The downturn in property tax receipts for municipal governments may finally have begun.

State and local governments reported $378.3 billion in tax receipts for the fourth quarter, according to the Census Bureau, a 1.6% increase from the fourth quarter of 2009.

Last year’s total tax receipts of $1.29 trillion represented a 2.3% jump from 2009, though they remained below the $1.32 trillion of tax revenues reported in 2008.

States and local governments rely on taxes for about half of their revenue, according to the Census Bureau.

Municipal tax receipts have been in recovery for more than a year now, but that in large part is thanks to a quirk in how local governments assess property taxes.

The sales and income taxes that states primarily rely on are sensitive to economic cycles, and have responded predictably to both the economic contraction from December 2007 to June 2009 and the modest expansion since then.

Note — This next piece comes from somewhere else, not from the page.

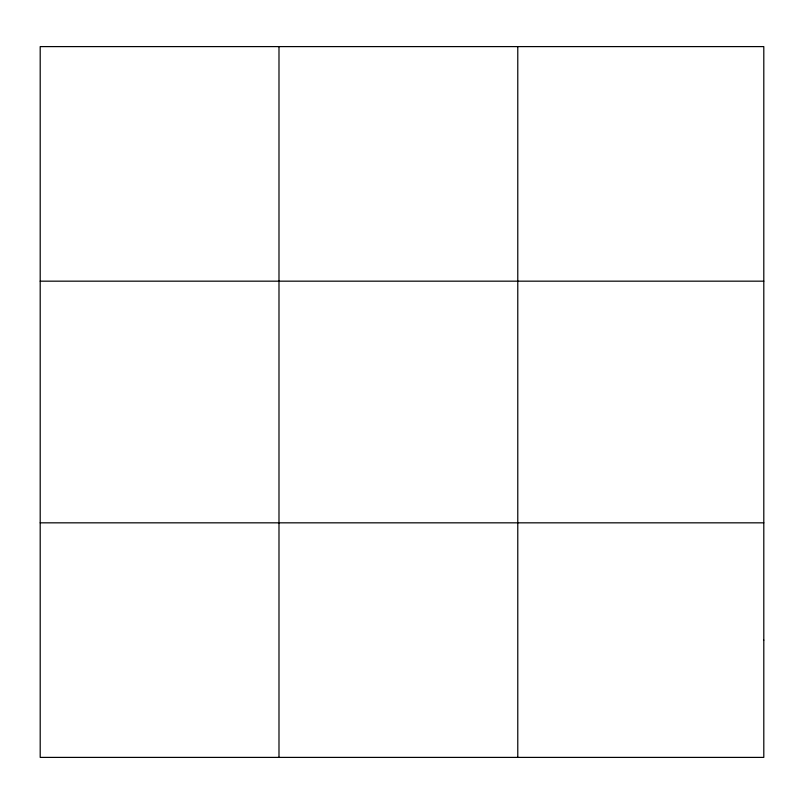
<?xml version="1.0" encoding="UTF-8"?>
<svg xmlns="http://www.w3.org/2000/svg" width="804" height="804" viewBox="0 0 804 804"><rect width="100%" height="100%" fill="white"/><g stroke="black" fill="none" stroke-linecap="round" stroke-linejoin="round"><path stroke-width="1.21" d="M40.2 281.169L763.8 281.169M40.2 522.831L763.8 522.831M517.776 46.602L517.776 757.398M278.988 46.602L278.988 757.398M763.8 640.115L763.8 757.398L40.2 757.398L40.2 46.602L763.8 46.602L763.8 640.115"/></g></svg>

Income tax receipts climbed 4.8% last year after sinking 1.8% in 2009, which corresponds roughly with the 3.1% increase in personal income reported in 2010 and the 1.7% decrease reported in 2009 by the Bureau of Economic Analysis.

Sales taxes tell a similar story, rising 3.1% in 2010 after falling 7.9% in 2009, corresponding at least directionally with the 6.6% increase in retail sales in 2010 and 6.5% decrease in 2009.

The property taxes that local governments rely on for revenue are a different animal, though. They have not responded at all to the downturn in home prices.

For instance, municipal property tax receipts surged 7.6% in 2008, even though home prices tumbled more than 18% that year, according to the Case-Shiller Index.

Same thing in 2007: property tax receipts soared 6.6%, despite a 9% decline in home values. In 2009, property tax revenue climbed 9% while property values sank 3.1%.

Property tax receipts have continued to grow even as property values have plunged for several reasons. One is that local governments, which derive 85% of their tax revenues from property taxes, don’t charge tax rates on the market value of taxable real estate. They charge tax rates on the last formally assessed value of taxable real estate.

These assessments are often not conducted frequently. While the process varies by jurisdiction, some counties go years between property value assessments.

That has enabled localities to charge taxes on stable property values from the last assessment, rather than on plummeting market values.

Moreover, some jurisdictions, such as California and Florida, cap increases in assessed property values, which helped keep assessed property values lower than the inflated market values during the real estate boom and consequently resulted in lower declines during the bust.

Experts have been wondering for several quarters how much longer these dynamics would buoy property tax revenue. The Case-Shiller Index is down more than 30% in the past five years, and at some point even lagged assessments will have to catch up to reality.

This might be happening now. State and local government property-tax receipts grew just 0.2% in 2010, the slowest rate of growth since at least the late 1980s.

The property tax numbers were worrisome for local governments, which are the entities that need property taxes the most. Local governments’ fourth-quarter property taxes shriveled 3% from the fourth quarter of 2009, the worst year-over-year contraction since 2003.